**Record extracts:**
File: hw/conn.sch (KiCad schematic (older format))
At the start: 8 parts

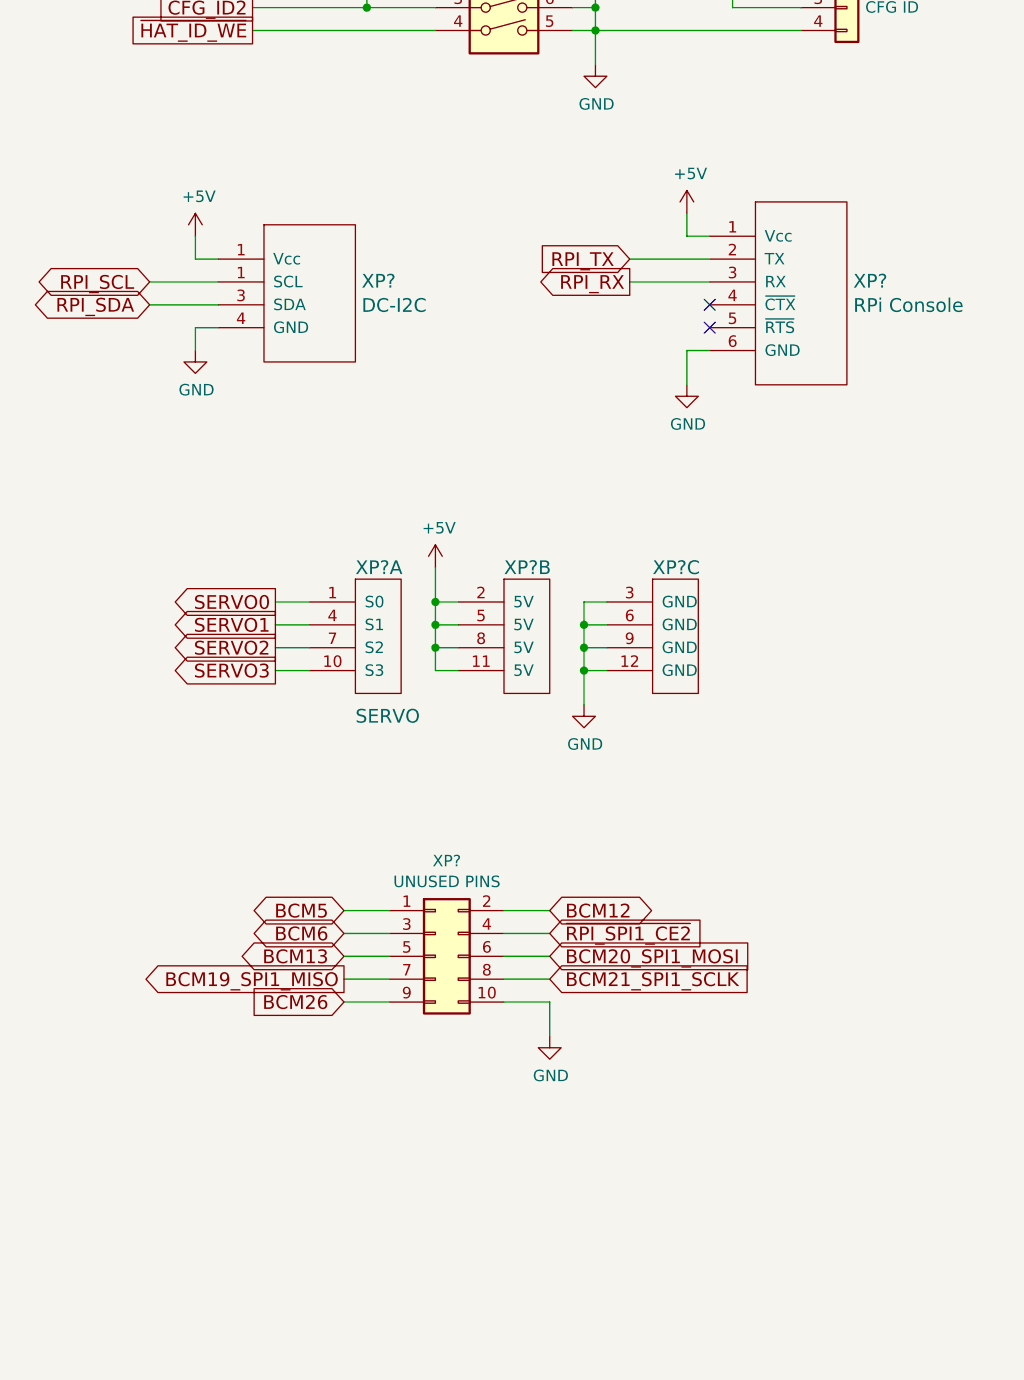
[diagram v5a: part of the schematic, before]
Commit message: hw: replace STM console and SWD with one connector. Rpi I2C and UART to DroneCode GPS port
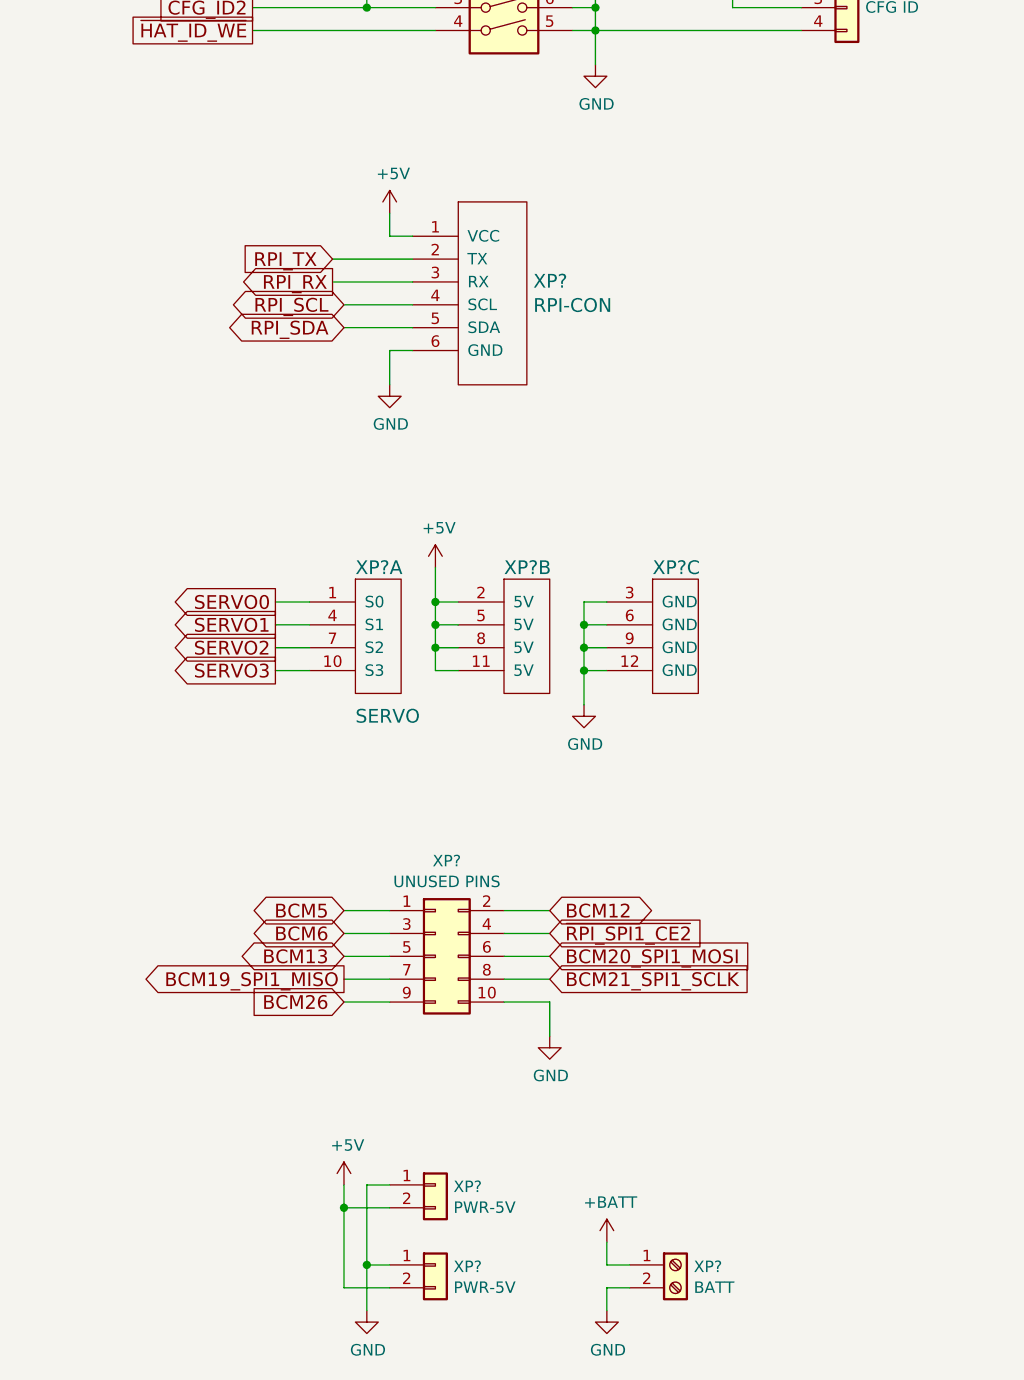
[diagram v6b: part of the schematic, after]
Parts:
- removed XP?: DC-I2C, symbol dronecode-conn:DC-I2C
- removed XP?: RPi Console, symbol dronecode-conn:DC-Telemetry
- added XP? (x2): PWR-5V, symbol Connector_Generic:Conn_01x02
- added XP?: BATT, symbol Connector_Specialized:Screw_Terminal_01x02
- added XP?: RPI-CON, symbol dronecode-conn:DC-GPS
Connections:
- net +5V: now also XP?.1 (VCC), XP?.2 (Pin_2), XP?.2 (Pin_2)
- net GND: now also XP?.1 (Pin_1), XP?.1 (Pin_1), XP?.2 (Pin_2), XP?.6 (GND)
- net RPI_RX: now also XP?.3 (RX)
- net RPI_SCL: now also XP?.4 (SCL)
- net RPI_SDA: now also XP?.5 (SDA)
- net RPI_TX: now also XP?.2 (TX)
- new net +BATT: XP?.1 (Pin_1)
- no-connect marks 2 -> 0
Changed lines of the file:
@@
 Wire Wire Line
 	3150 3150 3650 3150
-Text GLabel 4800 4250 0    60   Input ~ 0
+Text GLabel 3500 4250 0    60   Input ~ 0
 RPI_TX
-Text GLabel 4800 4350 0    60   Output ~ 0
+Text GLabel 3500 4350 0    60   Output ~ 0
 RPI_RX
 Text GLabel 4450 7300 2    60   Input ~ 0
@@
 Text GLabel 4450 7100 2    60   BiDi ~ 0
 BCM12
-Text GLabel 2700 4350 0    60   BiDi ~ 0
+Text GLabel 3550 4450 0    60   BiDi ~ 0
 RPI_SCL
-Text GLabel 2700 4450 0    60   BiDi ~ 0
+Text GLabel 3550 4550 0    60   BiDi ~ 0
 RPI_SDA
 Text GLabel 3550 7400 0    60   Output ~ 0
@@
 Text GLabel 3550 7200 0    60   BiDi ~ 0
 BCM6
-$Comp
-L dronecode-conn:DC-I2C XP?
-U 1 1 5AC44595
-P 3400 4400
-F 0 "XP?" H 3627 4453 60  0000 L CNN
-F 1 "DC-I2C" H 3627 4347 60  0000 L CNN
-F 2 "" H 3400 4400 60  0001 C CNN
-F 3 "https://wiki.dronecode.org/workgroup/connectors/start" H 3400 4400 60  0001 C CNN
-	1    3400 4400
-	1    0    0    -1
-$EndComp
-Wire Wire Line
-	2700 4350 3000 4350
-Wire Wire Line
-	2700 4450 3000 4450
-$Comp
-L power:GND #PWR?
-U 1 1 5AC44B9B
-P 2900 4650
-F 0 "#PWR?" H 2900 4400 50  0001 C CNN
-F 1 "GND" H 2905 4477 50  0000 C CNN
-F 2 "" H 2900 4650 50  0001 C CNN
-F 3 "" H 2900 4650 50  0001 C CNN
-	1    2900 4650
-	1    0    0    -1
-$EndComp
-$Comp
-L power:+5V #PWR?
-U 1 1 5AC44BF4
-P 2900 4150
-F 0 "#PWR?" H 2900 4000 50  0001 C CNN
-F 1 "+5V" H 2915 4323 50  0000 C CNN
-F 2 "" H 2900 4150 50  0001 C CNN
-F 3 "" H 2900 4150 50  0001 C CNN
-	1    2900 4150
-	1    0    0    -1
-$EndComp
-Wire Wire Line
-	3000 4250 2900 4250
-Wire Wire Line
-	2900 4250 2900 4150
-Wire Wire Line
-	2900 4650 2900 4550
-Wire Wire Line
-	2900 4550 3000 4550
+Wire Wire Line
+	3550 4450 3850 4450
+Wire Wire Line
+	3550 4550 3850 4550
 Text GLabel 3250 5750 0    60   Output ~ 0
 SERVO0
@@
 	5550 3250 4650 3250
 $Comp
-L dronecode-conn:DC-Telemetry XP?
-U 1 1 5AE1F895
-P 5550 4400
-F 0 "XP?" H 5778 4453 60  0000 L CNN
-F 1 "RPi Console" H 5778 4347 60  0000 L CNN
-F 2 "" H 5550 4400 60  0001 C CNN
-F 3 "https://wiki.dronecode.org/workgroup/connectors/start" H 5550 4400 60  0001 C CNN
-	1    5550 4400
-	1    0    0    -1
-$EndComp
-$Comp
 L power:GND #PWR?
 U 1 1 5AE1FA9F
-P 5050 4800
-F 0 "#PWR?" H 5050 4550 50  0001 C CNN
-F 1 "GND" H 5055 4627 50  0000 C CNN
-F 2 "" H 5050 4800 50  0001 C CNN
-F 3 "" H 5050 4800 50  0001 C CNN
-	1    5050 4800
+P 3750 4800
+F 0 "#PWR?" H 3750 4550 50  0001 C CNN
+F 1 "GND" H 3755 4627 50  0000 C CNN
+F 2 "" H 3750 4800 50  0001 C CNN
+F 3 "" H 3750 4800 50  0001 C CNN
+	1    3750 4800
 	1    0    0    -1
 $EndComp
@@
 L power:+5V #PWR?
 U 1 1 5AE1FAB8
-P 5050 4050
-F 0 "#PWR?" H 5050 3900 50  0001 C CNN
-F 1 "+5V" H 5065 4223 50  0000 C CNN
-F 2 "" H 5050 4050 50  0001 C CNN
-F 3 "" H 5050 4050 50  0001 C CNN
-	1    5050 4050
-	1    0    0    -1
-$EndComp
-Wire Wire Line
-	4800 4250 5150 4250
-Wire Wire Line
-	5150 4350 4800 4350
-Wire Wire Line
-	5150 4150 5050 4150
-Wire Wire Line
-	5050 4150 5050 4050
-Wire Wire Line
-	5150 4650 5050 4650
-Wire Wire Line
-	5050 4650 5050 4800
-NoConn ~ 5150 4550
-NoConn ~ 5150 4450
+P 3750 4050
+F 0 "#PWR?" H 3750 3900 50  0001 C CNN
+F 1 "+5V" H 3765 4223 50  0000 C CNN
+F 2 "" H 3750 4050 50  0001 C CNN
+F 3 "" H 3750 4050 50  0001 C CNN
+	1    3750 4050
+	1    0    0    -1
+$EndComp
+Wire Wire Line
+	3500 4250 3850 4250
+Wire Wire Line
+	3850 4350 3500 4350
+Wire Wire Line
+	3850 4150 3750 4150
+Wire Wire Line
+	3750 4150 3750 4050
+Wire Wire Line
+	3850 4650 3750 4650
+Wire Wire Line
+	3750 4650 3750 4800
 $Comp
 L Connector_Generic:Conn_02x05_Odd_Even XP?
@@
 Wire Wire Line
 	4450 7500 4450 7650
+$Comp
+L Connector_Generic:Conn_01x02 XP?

**Exercise requirements:** Return every line of the material in which the word "Input" is found.

**Solution:**
-Text GLabel 4800 4250 0    60   Input ~ 0
+Text GLabel 3500 4250 0    60   Input ~ 0
 Text GLabel 4450 7300 2    60   Input ~ 0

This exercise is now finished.